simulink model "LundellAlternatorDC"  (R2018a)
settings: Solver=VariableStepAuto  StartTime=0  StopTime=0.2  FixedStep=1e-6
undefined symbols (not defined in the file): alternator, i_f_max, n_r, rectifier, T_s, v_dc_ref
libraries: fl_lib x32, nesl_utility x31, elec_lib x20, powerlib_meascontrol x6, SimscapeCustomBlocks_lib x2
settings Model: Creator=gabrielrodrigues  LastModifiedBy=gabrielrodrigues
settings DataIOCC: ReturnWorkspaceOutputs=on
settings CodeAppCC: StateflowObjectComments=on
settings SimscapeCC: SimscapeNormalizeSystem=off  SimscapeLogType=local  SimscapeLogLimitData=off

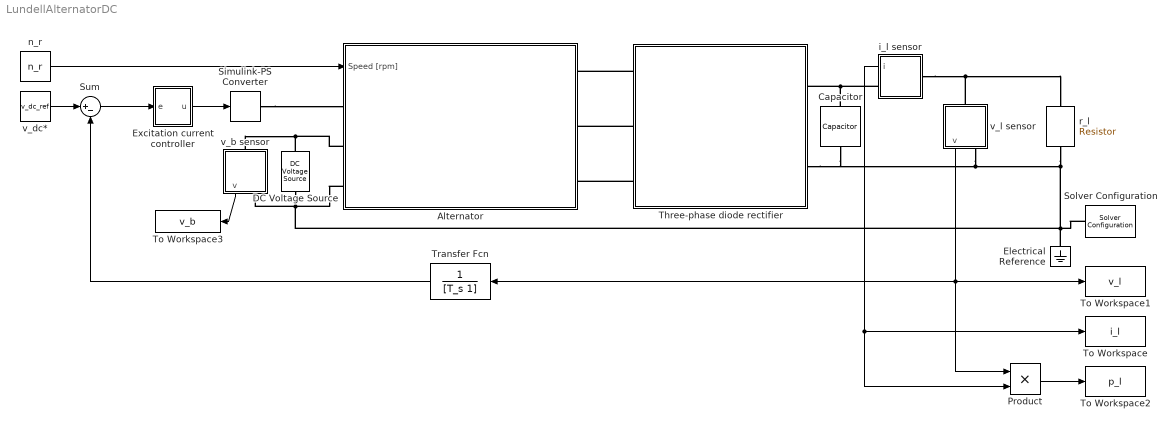
== system LundellAlternatorDC ==
  Alternator : Subsystem
  Capacitor : fl_lib/Electrical/Electrical Elements/Capacitor  c=rectifier.filter.c F  r=1e-6 Ohm  g=0 1/Ohm  i_specify=off  i_priority=None  i=0 A  i_nominal_specify=off  i_nominal_unit=A  i_nominal_value=1  v_specify=off  v_priority=None  v=0 V  v_nominal_specify=off  v_nominal_unit=V  v_nominal_value=1  vc_specify=off  vc_priority=High  vc=0 V  vc_nominal_specify=off  vc_nominal_unit=V  vc_nominal_value=1
  DC Voltage Source : elec_lib/Additional Components/SPICE-Compatible Components/Sources/DC Voltage Source  DC=i_f_max * alternator.rotor.r.value V
      settings: SourceProductName=Simscape Electronics  SourceProductBaseCode=SN
  Electrical Reference : fl_lib/Electrical/Electrical Elements/Electrical Reference
  Excitation current controller : Subsystem  mask{controller_on_off=Controller active}
      mask TypeOptions controller_on_off: Controller active | Controller bypassed
  Product : Product
  Simulink-PS Converter : nesl_utility/Simulink-PS Converter  PhysicalDomain=network_engine_domain  SubClassName=ps_input  LeftPortType=input  RightPortType=output  PseudoPeriodic=off  Frequencies=[]  NoiseDistribution=none  NoiseParameters=[]  Unit=1  AffineConversion=off  FilteringAndDerivatives=provide  SimscapeFilterOrder=1  InputFilterTimeConstant=0.001  UdotUserProvided=0
  Solver Configuration : nesl_utility/Solver Configuration  PhysicalDomain=network_engine_domain  SubClassName=solver  LeftPortType=input  RightPortType=generic  Tones=[]  Harmonics=[]  SimulateNoise=off  Profile=off  UseLocalSampling=off  EnableSwitchedLinearOptims=on  FrequencyDomain=off  UseCCode=off  RelTol=0.001  AbsTol=1e-06  MinStep=1e-09  ToWorkspace=off  RevertToSquareIcSolve=off  NumHomotopyIterations=100  PhasorMode=off  PhasorModeNumHarmonics=1  DoDC=off  ResidualTolerance=1e-09  UseLocalSolver=on  LocalSolverChoice=NE_TRAPEZOIDAL_ADVANCER  LocalSolverSampleTime=1e-06  DoFixedCost=on  MaxNonlinIter=20  MaxModeIter=2  LinearAlgebra=Sparse  EquationFormulation=NE_TIME_EF  DelaysMemoryBudget=1024  AutomaticFiltering=on  FilteringTimeConstant=0.001
  Sum : Sum  Inputs=|+-
  Three-phase diode rectifier : Subsystem
  To Workspace : ToWorkspace  VariableName=i_l  SaveFormat=Timeseries  SampleTime=-1
  To Workspace1 : ToWorkspace  VariableName=v_l  SaveFormat=Timeseries  SampleTime=-1
  To Workspace2 : ToWorkspace  VariableName=p_l  SaveFormat=Timeseries  SampleTime=-1
  To Workspace3 : ToWorkspace  VariableName=v_b  SaveFormat=Timeseries  SampleTime=-1
  Transfer Fcn : TransferFcn  Denominator=[T_s 1]
  i_l sensor : Subsystem
  n_r : Constant  Value=n_r
  r_l : fl_lib/Electrical/Electrical Elements/Resistor  R=1.0 Ohm  i_specify=off  i_priority=None  i=0 A  i_nominal_specify=off  i_nominal_unit=A  i_nominal_value=1  v_specify=off  v_priority=None  v=0 V  v_nominal_specify=off  v_nominal_unit=V  v_nominal_value=1
  v_b sensor : Subsystem
  v_dc* : Constant  Value=v_dc_ref
  v_l sensor : Subsystem
  wires:
  n_r/1 -> Alternator/1(Speed [rpm])
  Product/1 -> To Workspace2/1
  v_l sensor/1(v) -> Transfer Fcn/1, Product/1, To Workspace1/1
  v_b sensor/1(v) -> To Workspace3/1
  v_dc*/1 -> Sum/1
  Sum/1 -> Excitation current controller/1(e)
  Excitation current controller/1(u) -> Simulink-PS Converter/1
  Transfer Fcn/1 -> Sum/2
  i_l sensor/1(i) -> Product/2, To Workspace/1
  connections:
  Three-phase diode rectifier/LConn2 -- Alternator/RConn2
  Three-phase diode rectifier/LConn3 -- Alternator/RConn3
  Three-phase diode rectifier/LConn1 -- Alternator/RConn1
  i_l sensor/LConn1 -- r_l/LConn1 -- v_l sensor/LConn1
  v_b sensor/LConn1 -- DC Voltage Source/LConn1 -- Alternator/LConn2
  Solver Configuration/RConn1 -- DC Voltage Source/RConn1 -- Alternator/LConn3 -- v_b sensor/RConn1 -- Electrical Reference/LConn1 -- r_l/RConn1 -- Three-phase diode rectifier/RConn2 -- Capacitor/RConn1 -- v_l sensor/RConn1
  Simulink-PS Converter/RConn1 -- Alternator/LConn1
  i_l sensor/RConn1 -- Capacitor/LConn1 -- Three-phase diode rectifier/RConn1

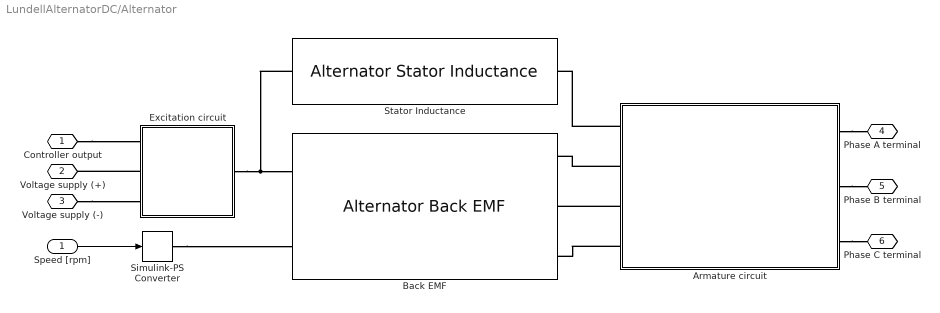
== system LundellAlternatorDC/Alternator ==
  Speed [rpm] : Inport
  Armature circuit : Subsystem  Variant=on
  Back EMF : SimscapeCustomBlocks_lib/Alternator/Alternator Back EMF  p=alternator.p  omega_r_specify=off  omega_r_priority=None  omega_r=0 rad/s  omega_r_nominal_specify=off  omega_r_nominal_unit=rad/s  omega_r_nominal_value=1  omega_e_specify=off  omega_e_priority=None  omega_e=0 rad/s  omega_e_nominal_specify=off  omega_e_nominal_unit=rad/s  omega_e_nominal_value=1  theta_e_specify=off  theta_e_priority=None  theta_e=0 rad  theta_e_nominal_specify=off  theta_e_nominal_unit=rad  theta_e_nominal_value=1  k_e_specify=off  k_e_priority=None  k_e=0 s*V/rad/A  k_e_nominal_specify=off  k_e_nominal_unit=s*V/rad/A  k_e_nominal_value=1  e_specify=off  e_priority=None  e=0 rpm  e_nominal_specify=off  e_nominal_unit=rpm  e_nominal_value=1
  Excitation circuit : Subsystem
  Simulink-PS Converter : nesl_utility/Simulink-PS Converter  PhysicalDomain=network_engine_domain  SubClassName=ps_input  LeftPortType=input  RightPortType=output  PseudoPeriodic=off  Frequencies=[]  NoiseDistribution=none  NoiseParameters=[]  Unit=1  AffineConversion=off  FilteringAndDerivatives=provide  SimscapeFilterOrder=1  InputFilterTimeConstant=0.001  UdotUserProvided=0
  Stator Inductance : SimscapeCustomBlocks_lib/Alternator/Alternator Stator Inductance
  Controller output : PMIOPort  Side=Left
  Voltage supply (+) : PMIOPort  Port=2  Side=Left
  Voltage supply (-) : PMIOPort  Port=3  Side=Left
  Phase A terminal : PMIOPort  Port=4  Side=Right
  Phase B terminal : PMIOPort  Port=5  Side=Right
  Phase C terminal : PMIOPort  Port=6  Side=Right
  wires:
  Speed [rpm]/1 -> Simulink-PS Converter/1
  connections:
  Armature circuit/RConn1 -- Phase A terminal/RConn1
  Armature circuit/RConn2 -- Phase B terminal/RConn1
  Armature circuit/RConn3 -- Phase C terminal/RConn1
  Armature circuit/LConn3 -- Back EMF/RConn2
  Armature circuit/LConn2 -- Back EMF/RConn1
  Armature circuit/LConn4 -- Back EMF/RConn3
  Simulink-PS Converter/RConn1 -- Back EMF/LConn2
  Armature circuit/LConn1 -- Stator Inductance/RConn1
  Controller output/RConn1 -- Excitation circuit/LConn1
  Voltage supply (-)/RConn1 -- Excitation circuit/LConn3
  Excitation circuit/LConn2 -- Voltage supply (+)/RConn1
  Excitation circuit/RConn1 -- Stator Inductance/LConn1 -- Back EMF/LConn1

== system LundellAlternatorDC/Excitation current controller ==
  e : Inport
  Constant : Constant
  Constant1 : Constant  Value=controller_on_off
  Fcn : Fcn  Expr=u > 0
  Switch : Switch  Criteria=u2 > Threshold  Threshold=1.5
  To Workspace : ToWorkspace  VariableName=u_i_f  SaveFormat=Timeseries  SampleTime=-1
  u : Outport
  wires:
  e/1 -> Fcn/1
  Fcn/1 -> Switch/3
  Switch/1 -> To Workspace/1, u/1
  Constant1/1 -> Switch/2
  Constant/1 -> Switch/1

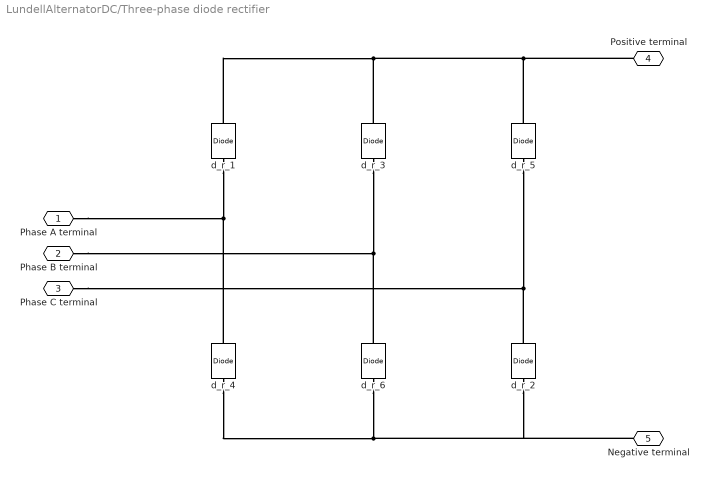
== system LundellAlternatorDC/Three-phase diode rectifier ==
  d_r_{1..6} (6 alike) : elec_lib/Semiconductor Devices/Diode  ModelType=1  Vf=rectifier.d.v_on V  Ron=rectifier.d.r_on Ohm  Goff=1e-8 S  Rz=0.3 Ohm  Vz=50 V  C_PWL=5 pF  prmExp=1  I12=[.0137, .545] A  V12=[.6, .7] V  I1=0.0137 A  V1=0.6 V  IS=1e-12 A  ec=1  RS=10e-3 Ohm  Tmeas=25 degC  BV=inf V  C_param=1  CJ0=5 pF  VJ=1 V  Mgrad=0.5  Vvec=[.1, 10, 100] V  Cvec=[3.5, 1, .4] pF  FC=0.5  Q_param=1  Irrm=-7.15 A  iF=4 A  didt=-750 A/us  trr=115 ns  TT=50 ns  tau=100 ns  T_param=1  IS_T2=1.25e-7 A  I1_T2=0.245 A  V1_T2=0.5 V  Tmeas2=125 degC  EG_param=1  EG=1.11 eV  XTI_param=1  XTI=3  dBVdT=0 V/K  Tdevice=25 degC  i_capacitor_specify=off  i_capacitor_priority=High  i_capacitor=0 A  i_capacitor_nominal_specify=off  i_capacitor_nominal_unit=A  i_capacitor_nominal_value=1  v_capacitor_specify=off  v_capacitor_priority=None  v_capacitor=0 V  v_capacitor_nominal_specify=off  v_capacitor_nominal_unit=V  v_capacitor_nominal_value=1  Rth=[0, 10] K/W  thermal_mass_parameterization=1  thermal_mass=[0, 1] J/K  thermal_time_constant=[0, 10] s  thermal_mass_initial_temperatures=[25, 25] degC
      settings: SourceProductName=Simscape Electronics  SourceProductBaseCode=SN
  Phase A terminal : PMIOPort  Side=Left
  Phase B terminal : PMIOPort  Port=2  Side=Left
  Phase C terminal : PMIOPort  Port=3  Side=Left
  Positive terminal : PMIOPort  Port=4  Side=Right
  Negative terminal : PMIOPort  Port=5  Side=Right
  connections:
  Phase B terminal/RConn1 -- d_r_6/RConn1 -- d_r_3/LConn1
  Positive terminal/RConn1 -- d_r_5/RConn1 -- d_r_1/RConn1 -- d_r_3/RConn1
  d_r_1/LConn1 -- Phase A terminal/RConn1 -- d_r_4/RConn1
  Phase C terminal/RConn1 -- d_r_5/LConn1 -- d_r_2/RConn1
  d_r_2/LConn1 -- Negative terminal/RConn1 -- d_r_6/LConn1 -- d_r_4/LConn1

== system LundellAlternatorDC/i_l sensor ==
  Current Sensor : fl_lib/Electrical/Electrical Sensors/Current Sensor
  PS-Simulink Converter : nesl_utility/PS-Simulink Converter  PhysicalDomain=network_engine_domain  SubClassName=ps_output  LeftPortType=input  RightPortType=output  PseudoPeriodic=off  Frequencies=[]  Unit=1  AffineConversion=off
  + : PMIOPort  Side=Right
  - : PMIOPort  Port=2  Side=Left
  i : Outport
  wires:
  PS-Simulink Converter/1 -> i/1
  connections:
  Current Sensor/RConn2 -- -/RConn1
  Current Sensor/LConn1 -- +/RConn1
  PS-Simulink Converter/LConn1 -- Current Sensor/RConn1

== system LundellAlternatorDC/v_b sensor ==
  PS-Simulink Converter : nesl_utility/PS-Simulink Converter  PhysicalDomain=network_engine_domain  SubClassName=ps_output  LeftPortType=input  RightPortType=output  PseudoPeriodic=off  Frequencies=[]  Unit=1  AffineConversion=off
  Voltage Sensor : fl_lib/Electrical/Electrical Sensors/Voltage Sensor
  + : PMIOPort  Side=Left
  - : PMIOPort  Port=2  Side=Right
  v : Outport
  wires:
  PS-Simulink Converter/1 -> v/1
  connections:
  Voltage Sensor/LConn1 -- +/RConn1
  -/RConn1 -- Voltage Sensor/RConn2
  Voltage Sensor/RConn1 -- PS-Simulink Converter/LConn1

== system LundellAlternatorDC/v_l sensor ==
  PS-Simulink Converter : nesl_utility/PS-Simulink Converter  PhysicalDomain=network_engine_domain  SubClassName=ps_output  LeftPortType=input  RightPortType=output  PseudoPeriodic=off  Frequencies=[]  Unit=1  AffineConversion=off
  Voltage Sensor : fl_lib/Electrical/Electrical Sensors/Voltage Sensor
  + : PMIOPort  Side=Left
  - : PMIOPort  Port=2  Side=Right
  v : Outport
  wires:
  PS-Simulink Converter/1 -> v/1
  connections:
  Voltage Sensor/LConn1 -- +/RConn1
  -/RConn1 -- Voltage Sensor/RConn2
  Voltage Sensor/RConn1 -- PS-Simulink Converter/LConn1

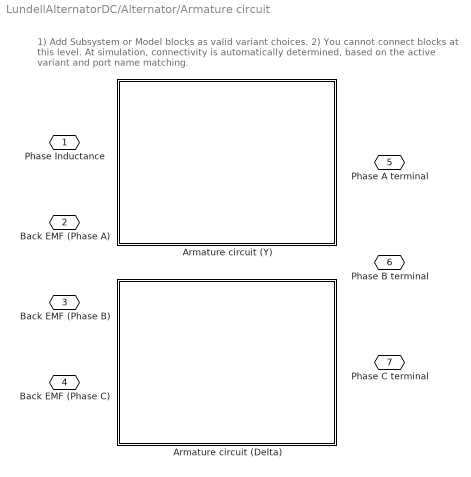
== system LundellAlternatorDC/Alternator/Armature circuit ==
  note: 1) Add Subsystem or Model blocks as valid variant choices.
      | 2) You cannot connect blocks at this level. At simulation, connectivity is automatically
      | determined, based on the active variant and port name matching.
  Armature circuit (Delta) : Subsystem  VariantControl=deltaStatorConnection
  Armature circuit (Y) : Subsystem  VariantControl=yStatorConnection
  Phase Inductance : PMIOPort  Side=Left
  Back EMF (Phase A) : PMIOPort  Port=2  Side=Left
  Back EMF (Phase B) : PMIOPort  Port=3  Side=Left
  Back EMF (Phase C) : PMIOPort  Port=4  Side=Left
  Phase A terminal : PMIOPort  Port=5  Side=Right
  Phase B terminal : PMIOPort  Port=6  Side=Right
  Phase C terminal : PMIOPort  Port=7  Side=Right

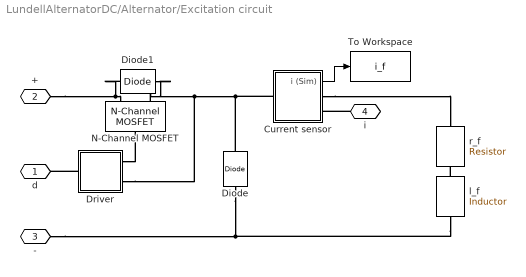
== system LundellAlternatorDC/Alternator/Excitation circuit ==
  Current sensor : Subsystem
  Diode : elec_lib/Semiconductor Devices/Diode  ModelType=1  Vf=0.8 V  Ron=10e-3 Ohm  Goff=1e-8 S  Rz=0.3 Ohm  Vz=50 V  C_PWL=5 pF  prmExp=1  I12=[.0137, .545] A  V12=[.6, .7] V  I1=0.0137 A  V1=0.6 V  IS=1e-12 A  ec=1  RS=10e-3 Ohm  Tmeas=25 degC  BV=inf V  C_param=1  CJ0=5 pF  VJ=1 V  Mgrad=0.5  Vvec=[.1, 10, 100] V  Cvec=[3.5, 1, .4] pF  FC=0.5  Q_param=1  Irrm=-7.15 A  iF=4 A  didt=-750 A/us  trr=115 ns  TT=50 ns  tau=100 ns  T_param=1  IS_T2=1.25e-7 A  I1_T2=0.245 A  V1_T2=0.5 V  Tmeas2=125 degC  EG_param=1  EG=1.11 eV  XTI_param=1  XTI=3  dBVdT=0 V/K  Tdevice=25 degC  i_capacitor_specify=off  i_capacitor_priority=High  i_capacitor=0 A  i_capacitor_nominal_specify=off  i_capacitor_nominal_unit=A  i_capacitor_nominal_value=1  v_capacitor_specify=off  v_capacitor_priority=None  v_capacitor=0 V  v_capacitor_nominal_specify=off  v_capacitor_nominal_unit=V  v_capacitor_nominal_value=1  Rth=[0, 10] K/W  thermal_mass_parameterization=1  thermal_mass=[0, 1] J/K  thermal_time_constant=[0, 10] s  thermal_mass_initial_temperatures=[25, 25] degC
      settings: SourceProductName=Simscape Electronics  SourceProductBaseCode=SN
  Diode1 : elec_lib/Semiconductor Devices/Diode  ModelType=1  Vf=0.8 V  Ron=10e-3 Ohm  Goff=1e-8 S  Rz=0.3 Ohm  Vz=50 V  C_PWL=5 pF  prmExp=1  I12=[.0137, .545] A  V12=[.6, .7] V  I1=0.0137 A  V1=0.6 V  IS=1e-12 A  ec=1  RS=10e-3 Ohm  Tmeas=25 degC  BV=inf V  C_param=1  CJ0=5 pF  VJ=1 V  Mgrad=0.5  Vvec=[.1, 10, 100] V  Cvec=[3.5, 1, .4] pF  FC=0.5  Q_param=1  Irrm=-7.15 A  iF=4 A  didt=-750 A/us  trr=115 ns  TT=50 ns  tau=100 ns  T_param=1  IS_T2=1.25e-7 A  I1_T2=0.245 A  V1_T2=0.5 V  Tmeas2=125 degC  EG_param=1  EG=1.11 eV  XTI_param=1  XTI=3  dBVdT=0 V/K  Tdevice=25 degC  i_capacitor_specify=off  i_capacitor_priority=High  i_capacitor=0 A  i_capacitor_nominal_specify=off  i_capacitor_nominal_unit=A  i_capacitor_nominal_value=1  v_capacitor_specify=off  v_capacitor_priority=None  v_capacitor=0 V  v_capacitor_nominal_specify=off  v_capacitor_nominal_unit=V  v_capacitor_nominal_value=1  Rth=[0, 10] K/W  thermal_mass_parameterization=1  thermal_mass=[0, 1] J/K  thermal_time_constant=[0, 10] s  thermal_mass_initial_temperatures=[25, 25] degC
      settings: SourceProductName=Simscape Electronics  SourceProductBaseCode=SN
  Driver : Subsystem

*-*-*

Both the line containing "Transfer Fcn/1 -> Sum/2" and the line containing "Armature circuit : Subsystem" above belong in the output, as do the lines between them. Print them exactly, without pictures.

**ANSWER SECTION**
  Transfer Fcn/1 -> Sum/2
  i_l sensor/1(i) -> Product/2, To Workspace/1
  connections:
  Three-phase diode rectifier/LConn2 -- Alternator/RConn2
  Three-phase diode rectifier/LConn3 -- Alternator/RConn3
  Three-phase diode rectifier/LConn1 -- Alternator/RConn1
  i_l sensor/LConn1 -- r_l/LConn1 -- v_l sensor/LConn1
  v_b sensor/LConn1 -- DC Voltage Source/LConn1 -- Alternator/LConn2
  Solver Configuration/RConn1 -- DC Voltage Source/RConn1 -- Alternator/LConn3 -- v_b sensor/RConn1 -- Electrical Reference/LConn1 -- r_l/RConn1 -- Three-phase diode rectifier/RConn2 -- Capacitor/RConn1 -- v_l sensor/RConn1
  Simulink-PS Converter/RConn1 -- Alternator/LConn1
  i_l sensor/RConn1 -- Capacitor/LConn1 -- Three-phase diode rectifier/RConn1

== system LundellAlternatorDC/Alternator ==
  Speed [rpm] : Inport
  Armature circuit : Subsystem  Variant=on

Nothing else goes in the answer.